• Recorded information:
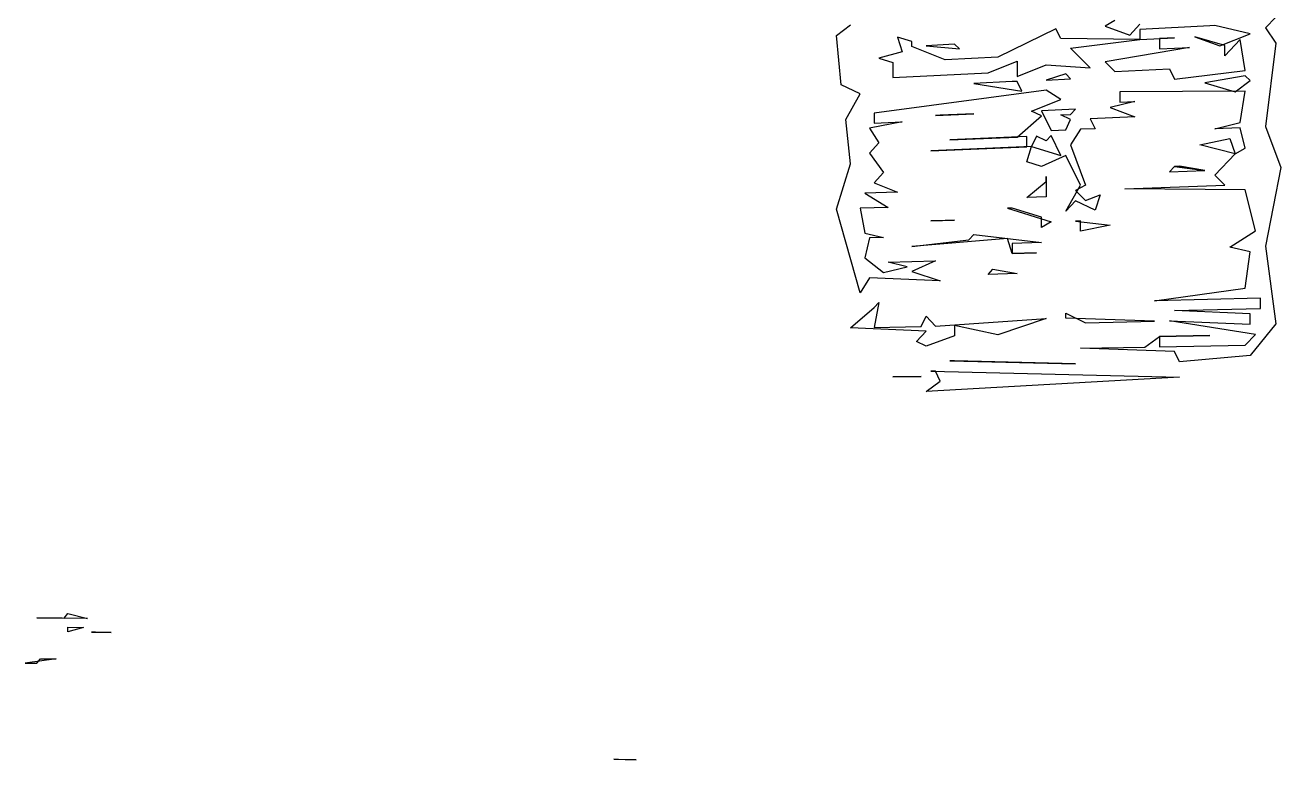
# Model space of a CAD drawing. Extents: x -13044 to 47959, y -15328 to 42462.
# Drawn here: x -1776 to 12712, y -10770 to -2292 of the extents above; entities that cross this region are included whole.
import ezdxf

# ---------------------------------------------------------------- set-up
doc = ezdxf.new("R2010")
doc.units = 0

msp = doc.modelspace()

# ---------------------------------------------------------------- linework, layer by layer
for p, q in [((7586.8032, -2410.9709), (7748.2545, -2287.5895)), ((7586.8032, -2410.9709, 1026.0417), (7748.2545, -2287.5895, 1036.4583)), ((10797.298, -2238.3009), (10683.3769, -2303.3529)), ((10797.298, -2238.3009, 1026.0417), (10683.3769, -2303.3529, 1020.8333)), ((10683.3769, -2303.3529), (10968.6237, -2406.3208)), ((10683.3769, -2303.3529, 1020.8333), (10968.6237, -2406.3208, 1010.4167)), ((10968.6237, -2406.3208), (11083.138, -2282.0672)), ((10968.6237, -2406.3208, 1010.4167), (11083.138, -2282.0672, 1020.8333)), ((11891.4611, -2298.6008), (11083.138, -2341.2068)), ((11891.4611, -2298.6008, 1015.625), (11083.138, -2341.2068, 1015.625)), ((11949.6527, -2295.5335), (11891.4611, -2298.6008)), ((11949.6527, -2295.5335, 1015.625), (11891.4611, -2298.6008, 1015.625)), ((12358.7091, -2393.6214), (11949.6527, -2295.5335)), ((12358.7091, -2393.6214, 1005.2083), (11949.6527, -2295.5335, 1015.625)), ((12652.7428, -2198.4919), (12534.9433, -2324.6024)), ((12652.7428, -2198.4919, 1020.8333), (12534.9433, -2324.6024, 1010.4167)), ((7640.566, -2980.9916), (7586.8032, -2410.9709)), ((7640.566, -2980.9916, 973.9583), (7586.8032, -2410.9709, 1026.0417)), ((8453.5628, -2479.8095), (8289.9738, -2430.7922)), ((8289.9738, -2430.7922), (8344.4482, -2600.8991)), ((8453.5628, -2479.8095, 1015.625), (8289.9738, -2430.7922, 1020.8333)), ((8289.9738, -2430.7922, 1020.8333), (8344.4482, -2600.8991, 1005.2083)), ((10117.2973, -2333.4944), (9445.6628, -2660.5583)), ((10117.2973, -2333.4944, 1020.8333), (9445.6628, -2660.5583, 994.7917)), ((10173.6424, -2447.7968), (10117.2973, -2333.4944)), ((10173.6424, -2447.7968, 1010.4167), (10117.2973, -2333.4944, 1020.8333)), ((11083.138, -2459.4859), (10173.6424, -2447.7968)), ((11083.138, -2459.4859, 1005.2083), (10173.6424, -2447.7968, 1010.4167)), ((10286.5071, -2559.3321), (11083.138, -2459.4859)), ((10286.5071, -2559.3321, 1000), (11083.138, -2459.4859, 1005.2083)), ((11083.138, -2341.2068), (11083.138, -2459.4859)), ((11083.138, -2341.2068, 1015.625), (11083.138, -2459.4859, 1005.2083)), ((11083.138, -2459.4859), (11485.822, -2438.6932)), ((11083.138, -2459.4859, 1005.2083), (11485.822, -2438.6932, 1005.2083)), ((11485.822, -2438.6932), (11312.8832, -2447.623)), ((11485.822, -2438.6932, 1005.2083), (11312.8832, -2447.623, 1005.2083)), ((11312.8832, -2447.623), (11312.8832, -2566.1489)), ((11312.8832, -2447.623, 1005.2083), (11312.8832, -2566.1489, 994.7917)), ((12066.2192, -2528.0591), (11717.2519, -2426.7433)), ((11717.2519, -2426.7433), (12007.9054, -2531.0075)), ((12066.2192, -2528.0591, 994.7917), (11717.2519, -2426.7433, 1005.2083)), ((11717.2519, -2426.7433, 1005.2083), (12007.9054, -2531.0075, 994.7917)), ((12007.9054, -2531.0075), (12358.7091, -2393.6214)), ((12007.9054, -2531.0075, 994.7917), (12358.7091, -2393.6214, 1005.2083)), ((12241.5286, -2459.4336), (12066.2192, -2647.3939)), ((12241.5286, -2459.4336, 1000), (12066.2192, -2647.3939, 984.375)), ((12300.088, -2815.1992), (12241.5286, -2459.4336)), ((12300.088, -2815.1992, 968.75), (12241.5286, -2459.4336, 1000)), ((12534.9433, -2324.6024), (12652.7428, -2498.4035)), ((12534.9433, -2324.6024, 1010.4167), (12652.7428, -2498.4035, 994.7917)), ((8344.4482, -2600.8991), (8072.6281, -2672.4578)), ((8344.4482, -2600.8991, 1005.2083), (8072.6281, -2672.4578, 1000)), ((8453.5628, -2537.5372), (8453.5628, -2479.8095)), ((8453.5628, -2537.5372, 1010.4167), (8453.5628, -2479.8095, 1015.625)), ((8837.2161, -2691.3223), (8453.5628, -2537.5372)), ((8837.2161, -2691.3223, 994.7917), (8453.5628, -2537.5372, 1010.4167)), ((8947.3347, -2511.776), (8617.651, -2528.9763)), ((8947.3347, -2511.776, 1010.4167), (8617.651, -2528.9763, 1010.4167)), ((8617.651, -2528.9763), (9002.4783, -2566.9215)), ((8617.651, -2528.9763, 1010.4167), (9002.4783, -2566.9215, 1005.2083)), ((9002.4783, -2566.9215), (8947.3347, -2511.776)), ((9002.4783, -2566.9215, 1005.2083), (8947.3347, -2511.776, 1010.4167)), ((10512.9377, -2783.0956), (10286.5071, -2559.3321)), ((10512.9377, -2783.0956, 979.1667), (10286.5071, -2559.3321, 1000)), ((11659.3036, -2548.6333), (10683.3769, -2715.8275)), ((11659.3036, -2548.6333, 994.7917), (10683.3769, -2715.8275, 984.375)), ((11312.8832, -2566.1489), (11659.3036, -2548.6333)), ((11312.8832, -2566.1489, 994.7917), (11659.3036, -2548.6333, 994.7917)), ((12066.2192, -2647.3939), (12066.2192, -2528.0591)), ((12066.2192, -2647.3939, 984.375), (12066.2192, -2528.0591, 994.7917)), ((12652.7428, -2498.4035), (12534.9433, -3463.0649)), ((12652.7428, -2498.4035, 994.7917), (12534.9433, -3463.0649, 911.4583)), ((8072.6281, -2672.4578), (8235.5548, -2721.7432)), ((8072.6281, -2672.4578, 1000), (8235.5548, -2721.7432, 994.7917)), ((8235.5548, -2721.7432), (8235.5548, -2894.5752)), ((8235.5548, -2721.7432, 994.7917), (8235.5548, -2894.5752, 979.1667)), ((9445.6628, -2660.5583), (8837.2161, -2691.3223)), ((9445.6628, -2660.5583, 994.7917), (8837.2161, -2691.3223, 994.7917)), ((9334.5263, -2840.7797), (9668.621, -2707.6653)), ((9334.5263, -2840.7797, 979.1667), (9668.621, -2707.6653, 989.5833)), ((9668.621, -2707.6653), (9668.621, -2882.8057)), ((9668.621, -2707.6653, 989.5833), (9668.621, -2882.8057, 973.9583)), ((9668.621, -2882.8057), (10004.7815, -2749.4096)), ((9668.621, -2882.8057, 973.9583), (10004.7815, -2749.4096, 984.375)), ((10004.7815, -2749.4096), (10512.9377, -2783.0956)), ((10004.7815, -2749.4096, 984.375), (10512.9377, -2783.0956, 979.1667)), ((10683.3769, -2715.8275), (10797.298, -2828.1621)), ((10683.3769, -2715.8275, 984.375), (10797.298, -2828.1621, 973.9583)), ((8235.5548, -2894.5752), (9334.5263, -2840.7797)), ((8235.5548, -2894.5752, 979.1667), (9334.5263, -2840.7797, 979.1667)), ((10230.0456, -2855.6249), (10004.7815, -2925.0914)), ((10230.0456, -2855.6249, 973.9583), (10004.7815, -2925.0914, 968.75)), ((10286.5071, -2911.6033), (10230.0456, -2855.6249)), ((10286.5071, -2911.6033, 968.75), (10230.0456, -2855.6249, 973.9583)), ((10797.298, -2828.1621), (11428.1156, -2797.6218)), ((10797.298, -2828.1621, 973.9583), (11428.1156, -2797.6218, 973.9583)), ((11428.1156, -2797.6218), (11485.822, -2913.5395)), ((11428.1156, -2797.6218, 973.9583), (11485.822, -2913.5395, 963.5417)), ((11485.822, -2913.5395), (12300.088, -2815.1992)), ((11485.822, -2913.5395, 963.5417), (12300.088, -2815.1992, 968.75)), ((12300.088, -2874.9922), (11833.3305, -2956.6309)), ((12300.088, -2874.9922, 963.5417), (11833.3305, -2956.6309, 958.3333)), ((12358.7091, -2932.0415), (12300.088, -2874.9922)), ((12358.7091, -2932.0415, 958.3333), (12300.088, -2874.9922, 963.5417)), ((7856.1606, -3085.3678), (7640.566, -2980.9916)), ((7856.1606, -3085.3678, 963.5417), (7640.566, -2980.9916, 973.9583)), ((10004.7815, -3042.2126), (8018.429, -3307.6624)), ((10004.7815, -3042.2126, 958.3333), (8018.429, -3307.6624, 942.7083)), ((9612.7956, -2943.8585), (9168.2476, -2965.1421)), ((9612.7956, -2943.8585, 968.75), (9168.2476, -2965.1421, 968.75)), ((9168.2476, -2965.1421), (9724.5037, -3055.3305)), ((9168.2476, -2965.1421, 968.75), (9724.5037, -3055.3305, 958.3333)), ((9668.621, -2941.1858), (9612.7956, -2943.8585)), ((9668.621, -2941.1858, 968.75), (9612.7956, -2943.8585, 968.75)), ((9724.5037, -3055.3305), (9668.621, -2941.1858)), ((9724.5037, -3055.3305, 958.3333), (9668.621, -2941.1858, 968.75)), ((10004.7815, -2925.0914), (10286.5071, -2911.6033)), ((10004.7815, -2925.0914, 968.75), (10286.5071, -2911.6033, 968.75)), ((10173.6424, -3151.6119), (10004.7815, -3042.2126)), ((10173.6424, -3151.6119, 947.9167), (10004.7815, -3042.2126, 958.3333)), ((11833.3305, -2956.6309), (12183.0307, -3059.7241)), ((11833.3305, -2956.6309, 958.3333), (12183.0307, -3059.7241, 947.9167)), ((12183.0307, -3059.7241), (12358.7091, -2932.0415)), ((12183.0307, -3059.7241, 947.9167), (12358.7091, -2932.0415, 958.3333)), ((7694.3831, -3379.6269), (7856.1606, -3085.3678)), ((7694.3831, -3379.6269, 937.5), (7856.1606, -3085.3678, 963.5417)), ((9836.4418, -3283.9723), (10173.6424, -3151.6119)), ((9836.4418, -3283.9723, 937.5), (10173.6424, -3151.6119, 947.9167)), ((11025.8511, -3171.7499), (10740.3079, -3243.6098)), ((11025.8511, -3171.7499, 942.7083), (10740.3079, -3243.6098, 937.5)), ((12300.088, -3054.3711), (10854.3472, -3061.4671)), ((12300.088, -3054.3711, 947.9167), (10854.3472, -3061.4671, 953.125)), ((10854.3472, -3061.4671), (10854.3472, -3179.5005)), ((10854.3472, -3061.4671, 953.125), (10854.3472, -3179.5005, 942.7083)), ((10854.3472, -3179.5005), (11025.8511, -3171.7499)), ((10854.3472, -3179.5005, 942.7083), (11025.8511, -3171.7499, 942.7083)), ((12241.5286, -3415.6182), (12300.088, -3054.3711)), ((12241.5286, -3415.6182, 916.6667), (12300.088, -3054.3711, 947.9167)), ((8018.429, -3307.6624), (8018.429, -3422.6506)), ((8018.429, -3307.6624, 942.7083), (8018.429, -3422.6506, 932.2917)), ((8727.3217, -3333.5006), (9168.2476, -3313.8108)), ((8727.3217, -3333.5006, 937.5), (9168.2476, -3313.8108, 937.5)), ((8782.2409, -3331.0481), (8727.3217, -3333.5006)), ((8782.2409, -3331.0481, 937.5), (8727.3217, -3333.5006, 937.5)), ((9168.2476, -3313.8108), (8782.2409, -3331.0481)), ((9168.2476, -3313.8108, 937.5), (8782.2409, -3331.0481, 937.5)), ((9948.6104, -3337.4938), (9836.4418, -3283.9723)), ((9948.6104, -3337.4938, 932.2917), (9836.4418, -3283.9723, 937.5)), ((10343.027, -3261.3505), (9948.6104, -3278.9634)), ((10343.027, -3261.3505, 937.5), (9948.6104, -3278.9634, 937.5)), ((9948.6104, -3278.9634), (10061.0104, -3508.3073)), ((9948.6104, -3278.9634, 937.5), (10061.0104, -3508.3073, 916.6667)), ((10173.6424, -3327.5657), (10286.5071, -3322.5863)), ((10173.6424, -3327.5657, 932.2917), (10286.5071, -3322.5863, 932.2917)), ((10286.5071, -3381.2982), (10173.6424, -3327.5657)), ((10286.5071, -3381.2982, 927.0833), (10173.6424, -3327.5657, 932.2917)), ((10286.5071, -3322.5863), (10343.027, -3261.3505)), ((10286.5071, -3322.5863, 932.2917), (10343.027, -3261.3505, 937.5)), ((10740.3079, -3243.6098), (11025.8511, -3349.0763)), ((10740.3079, -3243.6098, 937.5), (11025.8511, -3349.0763, 927.0833)), ((7748.2545, -3893.3626), (7694.3831, -3379.6269)), ((7748.2545, -3893.3626, 890.625), (7694.3831, -3379.6269, 937.5)), ((8344.4482, -3408.2671), (7964.2849, -3482.5044)), ((8344.4482, -3408.2671, 932.2917), (7964.2849, -3482.5044, 927.0833)), ((8018.429, -3422.6506), (8344.4482, -3408.2671)), ((8018.429, -3422.6506, 932.2917), (8344.4482, -3408.2671, 932.2917)), ((9668.621, -3583.367), (9948.6104, -3337.4938)), ((9668.621, -3583.367, 911.4583), (9948.6104, -3337.4938, 932.2917)), ((10230.0456, -3501.1219), (10286.5071, -3381.2982)), ((10230.0456, -3501.1219, 916.6667), (10286.5071, -3381.2982, 927.0833)), ((11025.8511, -3349.0763), (10512.9377, -3371.4299)), ((11025.8511, -3349.0763, 927.0833), (10512.9377, -3371.4299, 927.0833)), ((10512.9377, -3371.4299), (10569.6919, -3486.6843)), ((10512.9377, -3371.4299, 927.0833), (10569.6919, -3486.6843, 916.6667)), ((11949.6527, -3487.63), (12241.5286, -3415.6182)), ((11949.6527, -3487.63, 911.4583), (12241.5286, -3415.6182, 916.6667)), ((12241.5286, -3475.3798), (11949.6527, -3487.63)), ((12241.5286, -3475.3798, 911.4583), (11949.6527, -3487.63, 911.4583)), ((12300.088, -3712.0939), (12241.5286, -3475.3798)), ((12300.088, -3712.0939, 890.625), (12241.5286, -3475.3798, 911.4583)), ((12534.9433, -3463.0649), (12711.7358, -3935.7567)), ((12534.9433, -3463.0649, 911.4583), (12711.7358, -3935.7567, 869.7917)), ((7964.2849, -3482.5044), (8072.6281, -3650.3522)), ((7964.2849, -3482.5044, 927.0833), (8072.6281, -3650.3522, 911.4583)), ((9780.444, -3578.6737), (8892.2473, -3615.9521)), ((9780.444, -3578.6737, 911.4583), (8892.2473, -3615.9521, 911.4583)), ((8892.2473, -3615.9521), (9668.621, -3583.367)), ((8892.2473, -3615.9521, 911.4583), (9668.621, -3583.367, 911.4583)), ((9780.444, -3695.554), (9780.444, -3578.6737)), ((9780.444, -3695.554, 901.0417), (9780.444, -3578.6737, 911.4583)), ((9892.4972, -3573.9707), (9836.4418, -3693.2638)), ((9892.4972, -3573.9707, 911.4583), (9836.4418, -3693.2638, 901.0417)), ((10004.7815, -3627.8186), (9892.4972, -3573.9707)), ((10004.7815, -3627.8186, 906.25), (9892.4972, -3573.9707, 911.4583)), ((10061.0104, -3566.898), (10004.7815, -3627.8186)), ((10061.0104, -3566.898, 911.4583), (10004.7815, -3627.8186, 906.25)), ((10061.0104, -3508.3073), (10230.0456, -3501.1219)), ((10061.0104, -3508.3073, 916.6667), (10230.0456, -3501.1219, 916.6667)), ((10173.6424, -3796.7758), (10061.0104, -3566.898)), ((10173.6424, -3796.7758, 890.625), (10061.0104, -3566.898, 911.4583)), ((10399.6053, -3493.9143), (10286.5071, -3674.8575)), ((10399.6053, -3493.9143, 916.6667), (10286.5071, -3674.8575, 901.0417)), ((10569.6919, -3486.6843), (10399.6053, -3493.9143)), ((10569.6919, -3486.6843, 916.6667), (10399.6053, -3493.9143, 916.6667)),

• Task goal: Could you restate word for word the lines above, from the one that contains "# Drawn here: x" through the one that contains "layer by layer", and no others?

• Completed task:
# Drawn here: x -1776 to 12712, y -10770 to -2292 of the extents above; entities that cross this region are included whole.
import ezdxf

# ---------------------------------------------------------------- set-up
doc = ezdxf.new("R2010")
doc.units = 0

msp = doc.modelspace()

# ---------------------------------------------------------------- linework, layer by layer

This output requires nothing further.